For the farmer, the issue is simple: once the price is guaranteed by the Centre and the State government, why is he not being paid what is due to him by the sugar factories? Arrears to the tune of approximately Rs.1,800 crore are pending from 2013-14 for sugarcane cultivators in Karnataka. Add to this the unpaid dues for 2014-15, and the scale of this crisis can be understood.

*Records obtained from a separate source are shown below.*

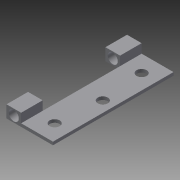
# Autodesk Inventor part: door hinge for conveyor
Saved by Autodesk Inventor 2015 (Build 190159000, 159)
## iProperties
Created: 2015-02-03
Part Number: door hinge for conveyor
Material: Generic
Document SubType Name: Modeling
Designer: szymsea16
Density: 1 g/cm^3
Appearance: Default
Author: szymsea16
Autodesk Inventor part; units mm, degrees
ref_plane "YZ Plane" through (0, 0, 0) normal (1, 0, 0) x (0, 1, 0)
ref_plane "XZ Plane" through (0, 0, 0) normal (0, 1, 0) x (-1, 0, 0)
ref_plane "XY Plane" through (0, 0, 0) normal (0, 0, 1) x (1, 0, 0)
sketch "Sketch1" plane through (0, 0, 0) normal (0, 1, 0) x (-1, 0, 0)
  line L0 (0, 0) -> (0, -63.881)
  line L1 (0, -63.881) -> (16.891, -63.881)
  line L2 (16.891, -63.881) -> (16.891, 0)
  line L3 (16.891, 0) -> (0, 0)
  line L4 (16.891, 0) -> (24.638, 0)
  line L5 (24.638, 0) -> (24.638, -11.43)
  line L6 (24.638, -11.43) -> (16.891, -11.43)
  line L7 (16.891, -63.881) -> (24.638, -63.881)
  line L8 (24.638, -63.881) -> (24.638, -52.451)
  line L9 (24.638, -52.451) -> (16.891, -52.451)
  dimension "d0" = 63.881
  dimension "d1" = 16.891
  dimension "d2" = 7.747
  dimension "d3" = 11.43
  dimension "d4" = 7.747
  dimension "d5" = 11.43
  constraints: 20 end point, 6 perpendicular, 5 point on line, 1 vertical
  measures "d0" distance of L0.start L0.end
  measures "d1" distance of L0.end L1.end
  measures "d2" distance of L2.end L4.end
  measures "d3" distance of L4.end L5.end
  measures "d4" distance of L1.end L7.end
  measures "d5" distance of L7.end L8.end
extrude "Extrusion1" add sketch "Sketch1" along normal blind 1.651 contours L3 L2 L1 L0
extrude "Extrusion2" add sketch "Sketch1" along normal blind 6.477 contours L4 L5 L6 L2
extrude "Extrusion3" add sketch "Sketch1" along normal blind 6.477 contours L2 L9 L8 L7
hole "Hole1" at (-8.001, 1.651, -8.89) direction (0, -1, 0) diameter 5.334 end through all
hole "Hole2" at (-8.001, 1.651, -54.991) direction (0, -1, 0) diameter 5.334 end through all
hole "Hole3" at (-5.715, 1.651, -32.131) direction (0, -1, 0) diameter 5.334 end through all
hole "Hole4" at (-20.7645, 3.2385, 0) direction (0, 0, -1) diameter 5.334 end through all
body "Solid1"
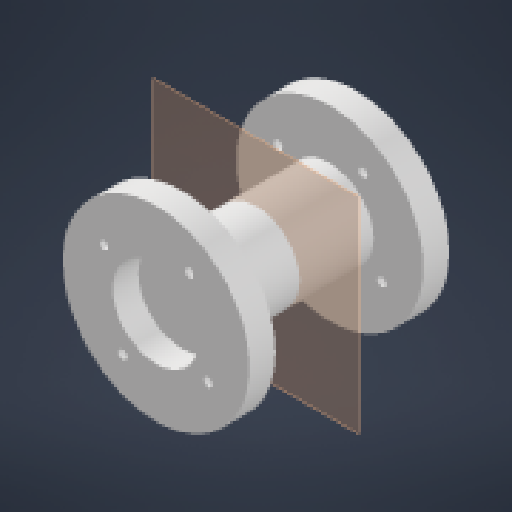
# Autodesk Inventor part: Pulley Mechanism
Saved by Autodesk Inventor 2023.6 (Build 276521000, 521)
## iProperties
Created: 2026-03-05
Part Number: Pulley Mechanism
Material: Generic
Document SubType Name: Modeling
Designer: user
Density: 1 g/cm^3
Appearance: Default
Author: user
Autodesk Inventor part; units mm, degrees
ref_plane "YZ Plane" through (0, 0, 0) normal (1, 0, 0) x (0, 1, 0)
ref_plane "XZ Plane" through (0, 0, 0) normal (0, 1, 0) x (-1, 0, 0)
ref_plane "XY Plane" through (0, 0, 0) normal (0, 0, 1) x (1, 0, 0)
sketch "Sketch1" plane through (0, 0, 0) normal (0, 0, 1) x (1, 0, 0)
  circle A0 centre (65.2764, 18.7667) radius 10.75 projected
  circle A1 centre (59.2964, 22.5941) radius 0.5 projected
  circle A2 centre (69.1038, 24.7468) radius 0.5 projected
  circle A3 centre (71.2565, 14.9393) radius 0.5 projected
  circle A4 centre (61.449, 12.7867) radius 0.5 projected
  circle A5 centre (65.2764, 18.7667) radius 7.1
  circle A6 centre (65.2764, 18.7667) radius 5
  point P0 (0, 0)
  dimension "d0" = 14.2
  dimension "d1" = 21.5
  dimension "d2" = 10
  constraints: 2 coincident, 1 centre point, 3 other
  measures "d1" diameter of A0
  measures "d2" diameter of A6
extrude "Extrusion1" add sketch "Sketch1" along normal blind 3 contours A0 | A1 A5 A2 A3 A4
sketch "Sketch2" plane through (65.2764, 18.7667, 0) normal (0, 0, -1) x (-1, 0, 0)
  circle A0 centre (0, 0) radius 5 projected
  point P0 (65.2764, -18.7667)
extrude "Extrusion2" add sketch "Sketch2" against normal blind 20
ref_plane "Work Plane1" through (65.2764, 18.7667, 11.5) normal (0, 0, 1) x (1, 0, 0)
mirror "Mirror1" about plane through (65.2764, 18.7667, 11.5) normal (0, 0, 1) of "Extrusion1"
body "Solid1"

Complaint with NHRCFarmers’ leaders like Kurubur Shanthakumar, president, State Sugarcane Growers Association of Karnataka, demand that certain recommendations of the C. Rangarajan Committee (2012), which advocated sharing of profits from the sale of sugar and the by-products of sugarcane processing, such as molasses, ethanol and power cogeneration, be implemented immediately. His second demand is that farmers’ loans be written off. “If the Central and State governments can extend soft credit to sugar factories to bail them out, it is only fair that they write off farmers’ loans,” he stated. The association has even lodged a complaint with the National Human Rights Commission seeking its intervention. This complaint has received vehement endorsement of farmers’ leaders from across the country, including sugarcane growing areas of Maharashtra and Tamil Nadu.
Chapgaon’s family was paid Rs.2 lakh as compensation by the district administration apart from smaller assorted sums by various politicians, but it is obvious that this hardly makes up for the deep void that his death has caused. All his young daughter can say is that she misses her father. The complicated pricing policy of sugarcane does not make sense to the family. Bahu, particularly, seems affected. All he knows is that his father was not paid what was due to him from the sugarcane factory and has left him wondering whether he should attempt to grow sugarcane again. The sweet life that sugarcane once promised has turned sour for Chapgaon’s family and thousands of other sugarcane farmers in Karnataka.